[Source records]
···

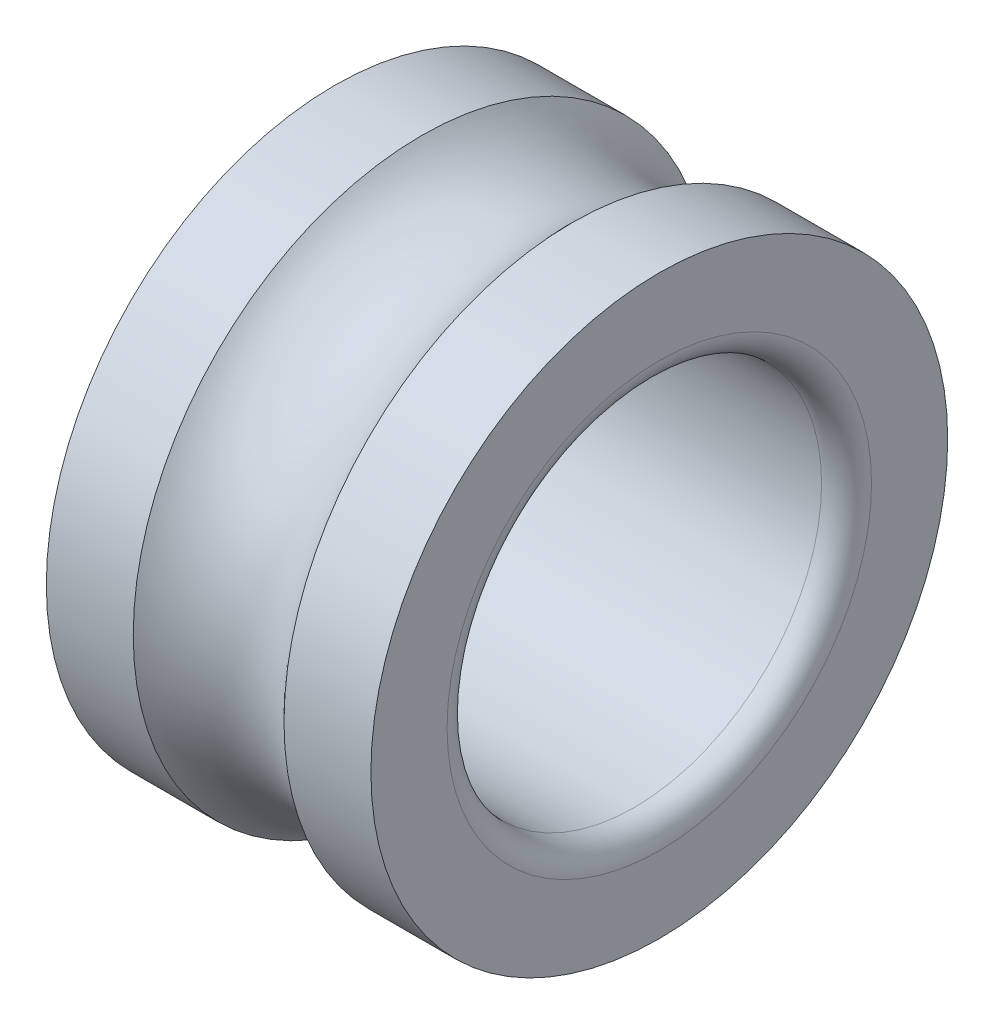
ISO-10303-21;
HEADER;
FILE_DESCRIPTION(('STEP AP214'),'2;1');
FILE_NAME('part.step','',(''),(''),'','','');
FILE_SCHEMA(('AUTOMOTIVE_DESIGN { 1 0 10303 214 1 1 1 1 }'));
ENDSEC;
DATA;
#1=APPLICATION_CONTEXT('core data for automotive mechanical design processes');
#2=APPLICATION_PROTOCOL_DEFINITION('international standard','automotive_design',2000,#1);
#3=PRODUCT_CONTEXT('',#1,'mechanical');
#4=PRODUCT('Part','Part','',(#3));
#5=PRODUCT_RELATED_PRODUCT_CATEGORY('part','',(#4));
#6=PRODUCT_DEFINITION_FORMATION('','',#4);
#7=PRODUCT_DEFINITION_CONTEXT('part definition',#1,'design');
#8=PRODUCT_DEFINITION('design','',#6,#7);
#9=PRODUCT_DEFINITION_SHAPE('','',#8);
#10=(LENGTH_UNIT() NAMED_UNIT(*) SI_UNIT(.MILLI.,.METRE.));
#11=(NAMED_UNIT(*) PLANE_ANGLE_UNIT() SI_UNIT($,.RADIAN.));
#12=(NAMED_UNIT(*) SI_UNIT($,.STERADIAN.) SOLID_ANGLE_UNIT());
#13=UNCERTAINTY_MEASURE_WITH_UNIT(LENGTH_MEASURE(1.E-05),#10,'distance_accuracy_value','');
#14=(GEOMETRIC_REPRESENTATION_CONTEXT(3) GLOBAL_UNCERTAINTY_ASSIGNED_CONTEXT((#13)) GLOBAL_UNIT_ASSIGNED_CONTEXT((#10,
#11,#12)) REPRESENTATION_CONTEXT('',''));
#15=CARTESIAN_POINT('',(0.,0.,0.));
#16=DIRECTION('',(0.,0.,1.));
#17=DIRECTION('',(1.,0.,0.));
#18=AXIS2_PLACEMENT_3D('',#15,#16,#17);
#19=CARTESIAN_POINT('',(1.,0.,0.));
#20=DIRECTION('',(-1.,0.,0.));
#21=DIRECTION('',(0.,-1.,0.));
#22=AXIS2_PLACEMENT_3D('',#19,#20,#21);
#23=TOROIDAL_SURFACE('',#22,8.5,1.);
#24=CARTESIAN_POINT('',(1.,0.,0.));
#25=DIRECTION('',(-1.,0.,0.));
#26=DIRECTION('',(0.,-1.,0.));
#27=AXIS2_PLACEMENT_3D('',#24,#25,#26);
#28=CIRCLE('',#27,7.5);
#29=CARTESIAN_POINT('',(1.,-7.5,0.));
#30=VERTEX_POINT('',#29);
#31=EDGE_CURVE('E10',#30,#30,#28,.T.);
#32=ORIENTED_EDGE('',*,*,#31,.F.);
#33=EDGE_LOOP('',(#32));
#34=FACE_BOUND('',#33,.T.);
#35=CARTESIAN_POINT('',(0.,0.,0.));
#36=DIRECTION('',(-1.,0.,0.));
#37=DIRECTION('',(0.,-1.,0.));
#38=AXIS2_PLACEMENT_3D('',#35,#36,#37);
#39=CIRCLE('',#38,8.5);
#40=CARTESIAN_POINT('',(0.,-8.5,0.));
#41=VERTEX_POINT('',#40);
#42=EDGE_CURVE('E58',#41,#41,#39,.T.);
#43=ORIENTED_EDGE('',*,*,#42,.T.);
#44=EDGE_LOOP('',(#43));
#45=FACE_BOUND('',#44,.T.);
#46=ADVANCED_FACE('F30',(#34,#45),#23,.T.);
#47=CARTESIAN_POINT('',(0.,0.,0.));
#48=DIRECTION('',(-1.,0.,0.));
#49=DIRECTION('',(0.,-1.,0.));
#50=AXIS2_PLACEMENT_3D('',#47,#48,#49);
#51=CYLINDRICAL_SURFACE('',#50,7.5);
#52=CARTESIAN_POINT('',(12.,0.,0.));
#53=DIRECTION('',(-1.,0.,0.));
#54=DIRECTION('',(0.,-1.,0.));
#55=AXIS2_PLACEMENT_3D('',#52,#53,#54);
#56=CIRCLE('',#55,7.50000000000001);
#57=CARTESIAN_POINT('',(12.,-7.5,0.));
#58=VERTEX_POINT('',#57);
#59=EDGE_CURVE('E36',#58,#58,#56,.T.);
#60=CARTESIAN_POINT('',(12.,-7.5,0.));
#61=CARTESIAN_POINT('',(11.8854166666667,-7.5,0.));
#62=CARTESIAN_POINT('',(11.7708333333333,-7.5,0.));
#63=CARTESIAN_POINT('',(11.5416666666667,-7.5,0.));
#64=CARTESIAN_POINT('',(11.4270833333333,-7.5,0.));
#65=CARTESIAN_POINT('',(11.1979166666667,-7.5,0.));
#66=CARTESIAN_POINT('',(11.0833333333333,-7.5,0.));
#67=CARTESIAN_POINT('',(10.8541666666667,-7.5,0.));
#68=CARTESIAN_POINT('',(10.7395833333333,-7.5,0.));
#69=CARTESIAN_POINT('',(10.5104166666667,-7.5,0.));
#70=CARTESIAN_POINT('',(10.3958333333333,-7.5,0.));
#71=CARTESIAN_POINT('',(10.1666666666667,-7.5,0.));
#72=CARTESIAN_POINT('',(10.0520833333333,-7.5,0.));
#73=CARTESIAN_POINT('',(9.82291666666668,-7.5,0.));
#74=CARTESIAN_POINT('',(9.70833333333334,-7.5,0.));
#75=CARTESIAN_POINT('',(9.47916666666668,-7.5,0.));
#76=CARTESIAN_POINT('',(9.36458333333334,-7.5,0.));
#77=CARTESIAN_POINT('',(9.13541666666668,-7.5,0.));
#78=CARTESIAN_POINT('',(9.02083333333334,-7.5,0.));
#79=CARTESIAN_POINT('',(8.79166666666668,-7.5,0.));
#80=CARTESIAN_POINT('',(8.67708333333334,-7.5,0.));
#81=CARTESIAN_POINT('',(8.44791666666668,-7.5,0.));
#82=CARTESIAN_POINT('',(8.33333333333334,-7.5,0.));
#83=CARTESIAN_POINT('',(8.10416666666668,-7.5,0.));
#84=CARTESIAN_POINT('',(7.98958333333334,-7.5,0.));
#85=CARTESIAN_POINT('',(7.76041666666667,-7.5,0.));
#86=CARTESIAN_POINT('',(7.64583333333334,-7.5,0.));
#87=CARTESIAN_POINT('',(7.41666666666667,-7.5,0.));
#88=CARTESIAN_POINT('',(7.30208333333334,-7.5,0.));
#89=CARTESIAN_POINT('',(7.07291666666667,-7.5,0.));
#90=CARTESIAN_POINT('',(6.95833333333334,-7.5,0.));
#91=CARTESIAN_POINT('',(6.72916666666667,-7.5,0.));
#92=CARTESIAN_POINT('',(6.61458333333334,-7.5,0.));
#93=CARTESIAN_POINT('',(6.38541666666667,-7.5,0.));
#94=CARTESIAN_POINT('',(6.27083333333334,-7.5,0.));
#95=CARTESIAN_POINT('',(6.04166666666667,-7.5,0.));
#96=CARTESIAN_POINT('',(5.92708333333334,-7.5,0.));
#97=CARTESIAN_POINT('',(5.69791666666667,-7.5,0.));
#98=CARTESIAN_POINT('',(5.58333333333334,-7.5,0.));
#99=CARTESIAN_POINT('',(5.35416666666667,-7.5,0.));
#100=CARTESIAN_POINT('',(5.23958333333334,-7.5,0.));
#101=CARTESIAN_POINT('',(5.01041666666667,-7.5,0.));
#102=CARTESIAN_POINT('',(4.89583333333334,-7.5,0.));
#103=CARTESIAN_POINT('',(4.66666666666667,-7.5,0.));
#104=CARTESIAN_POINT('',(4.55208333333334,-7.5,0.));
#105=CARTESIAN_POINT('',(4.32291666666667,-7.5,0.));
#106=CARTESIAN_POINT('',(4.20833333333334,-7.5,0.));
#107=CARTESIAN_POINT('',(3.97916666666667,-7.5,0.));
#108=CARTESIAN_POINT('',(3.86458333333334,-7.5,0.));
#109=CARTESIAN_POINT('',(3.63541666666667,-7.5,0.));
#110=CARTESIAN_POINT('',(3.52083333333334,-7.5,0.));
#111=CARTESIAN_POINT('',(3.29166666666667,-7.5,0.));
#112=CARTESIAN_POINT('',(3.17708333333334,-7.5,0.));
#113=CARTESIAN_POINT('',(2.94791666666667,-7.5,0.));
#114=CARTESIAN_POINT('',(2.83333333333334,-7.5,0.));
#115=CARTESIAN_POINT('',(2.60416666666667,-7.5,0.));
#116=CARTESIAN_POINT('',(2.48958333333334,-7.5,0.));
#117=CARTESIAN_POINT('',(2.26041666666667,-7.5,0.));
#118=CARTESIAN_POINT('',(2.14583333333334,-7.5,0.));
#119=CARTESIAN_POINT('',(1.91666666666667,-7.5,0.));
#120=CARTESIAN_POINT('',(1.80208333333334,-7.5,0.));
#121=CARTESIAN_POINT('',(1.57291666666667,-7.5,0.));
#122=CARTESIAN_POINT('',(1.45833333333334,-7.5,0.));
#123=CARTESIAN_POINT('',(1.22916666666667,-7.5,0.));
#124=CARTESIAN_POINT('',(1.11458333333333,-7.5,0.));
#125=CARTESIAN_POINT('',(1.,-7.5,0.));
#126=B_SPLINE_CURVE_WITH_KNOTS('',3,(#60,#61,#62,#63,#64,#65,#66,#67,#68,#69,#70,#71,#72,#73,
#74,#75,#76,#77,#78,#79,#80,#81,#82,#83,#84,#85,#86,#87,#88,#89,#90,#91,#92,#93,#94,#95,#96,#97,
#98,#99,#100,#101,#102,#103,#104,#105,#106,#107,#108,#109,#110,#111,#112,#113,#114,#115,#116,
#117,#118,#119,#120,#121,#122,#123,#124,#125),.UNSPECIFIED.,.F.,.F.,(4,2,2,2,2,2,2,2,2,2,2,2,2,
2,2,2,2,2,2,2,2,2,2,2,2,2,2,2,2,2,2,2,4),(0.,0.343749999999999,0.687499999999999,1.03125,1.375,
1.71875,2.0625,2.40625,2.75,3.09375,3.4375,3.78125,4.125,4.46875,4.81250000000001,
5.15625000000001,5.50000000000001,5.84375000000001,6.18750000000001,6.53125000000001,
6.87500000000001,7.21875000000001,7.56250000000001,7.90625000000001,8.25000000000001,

···

Above are the lines; repeat exactly the ones from the line containing "#11,#12)) REPRESENTATION_CONTEXT('',''));" down to the line containing "#23=TOROIDAL_SURFACE('',#22,8.5,1.);", both inclusive.

#11,#12)) REPRESENTATION_CONTEXT('',''));
#15=CARTESIAN_POINT('',(0.,0.,0.));
#16=DIRECTION('',(0.,0.,1.));
#17=DIRECTION('',(1.,0.,0.));
#18=AXIS2_PLACEMENT_3D('',#15,#16,#17);
#19=CARTESIAN_POINT('',(1.,0.,0.));
#20=DIRECTION('',(-1.,0.,0.));
#21=DIRECTION('',(0.,-1.,0.));
#22=AXIS2_PLACEMENT_3D('',#19,#20,#21);
#23=TOROIDAL_SURFACE('',#22,8.5,1.);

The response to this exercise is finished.